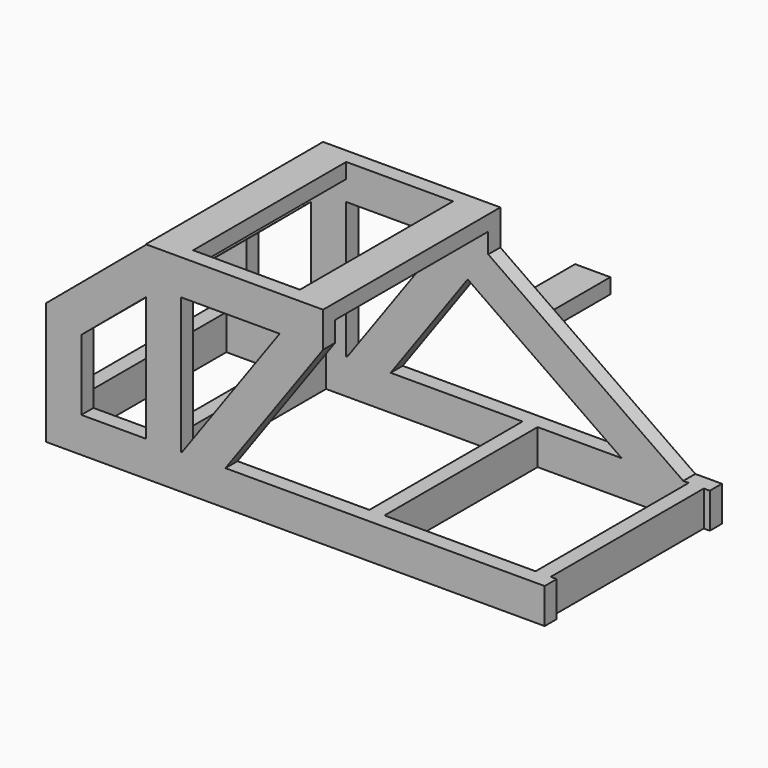
from build123d import *

# Parameters (mm, degrees)
F1_DEPTH = 38.1
F4_W     = 38.1
F4_H     = 88.9
F4_W_2   = 88.9
F4_H_2   = 38.1
F5_DEPTH = 482.6
F7_DEPTH = 38.1
F8_W     = 88.9
F8_H     = 38.1
F9_DEPTH = 177.8


# Not quite as in the source:
# - a feature names something its author has since deleted; it is built from what else it names


with BuildPart() as f1:
    # F0 (on Front) → F1 (new body)
    with BuildSketch(Plane.XZ):
        Polygon((251.46, 403.1040360442), (251.46, 88.9), (340.36, 88.9), (340.36, 431.8), (340.36, 520.7), (251.46, 520.7), (251.46, 519.1547440658), align=None)
        Polygon((0, 308.15475081), (0, 88.9), (88.9, 88.9), (88.9, 266.7), (251.46, 403.1040360442), (251.46, 519.1547440658), align=None)
        Polygon((0, 88.9), (0, 0), (1257.3, 0), (1257.3, 88.9), (452.2981294842, 88.9), (342.8563937201, 88.9), (340.36, 88.9), (251.46, 88.9), (88.9, 88.9), align=None)
        Polygon((673.1, 431.8), (698.5, 431.8), (698.5, 520.7), (340.36, 520.7), (340.36, 431.8), (589.0582642359, 431.8), align=None)
        Polygon((342.8563937201, 88.9), (452.2981294842, 88.9), (698.5, 431.8), (673.1, 431.8), (589.0582642359, 431.8), align=None)
    extrude(amount=-F1_DEPTH)


with BuildPart() as f3_1:
    # F3: instance of F1
    add(f1.part.mirror(Plane(origin=(466.9868832569, 279.4, 206.694910325), x_dir=(1, 0, 0), z_dir=(0, 1, 0))))


with BuildPart() as f1_1:
    add(f1.part)

    add(f3_1.part)  # F5 merges F3_1
    # F4 (on face) → F5 (join, through all)
    with BuildSketch(Plane(origin=(0, 38.1, 0), x_dir=(-1, 0, 0), z_dir=(0, 1, 0))):
        with Locations((-19.05, 44.45)):
            Rectangle(F4_W, F4_H)
        with Locations((-270.51, 44.45)):
            Rectangle(F4_W, F4_H)
        Polygon((-88.9, 266.7), (-31.7561814989, 334.8013509933), (-60.9424747817, 359.2915589223), (-118.0862932828, 291.1902079291), align=None)
        Polygon((-205.6451731313, 364.6608317162), (-148.5013546302, 432.7621827095), (-177.687647913, 457.2523906386), (-234.8314664142, 389.1510396453), align=None)
        with Locations((-803.91, 44.45)):
            Rectangle(F4_W, F4_H)
        Polygon((-251.46, 482.6), (-251.46, 519.1547440658), (-251.46, 520.7), (-340.36, 520.7), (-340.36, 482.6), align=None)
        with Locations((-1223.01, 44.45)):
            Rectangle(F4_W, F4_H)
        with Locations((-654.05, 501.65)):
            Rectangle(F4_W_2, F4_H_2)
    extrude(amount=F5_DEPTH)

    # F6 (on face) → F7 (join)
    with BuildSketch(Plane(origin=(0, 558.8, 0), x_dir=(-1, 0, 0), z_dir=(0, 1, 0))):
        Polygon((-646.6455672201, 359.5792448815), (-698.5, 431.8), (-1190.2829408646, 88.9), (-1034.85039393, 88.9), align=None)
    extrude(amount=-F7_DEPTH)

    # F8 (on face) → F9 (join)
    with BuildSketch(Plane(origin=(0, 558.8, 0), x_dir=(-1, 0, 0), z_dir=(0, 1, 0))):
        with Locations((-789.2684733582, 318.4677249113)):
            Rectangle(F8_W, F8_H)
    extrude(amount=F9_DEPTH)


solid = f1_1.part
----
# Task directions
Across the entries above, how many lines include "from"? State only that number.

# Solution to the problem
2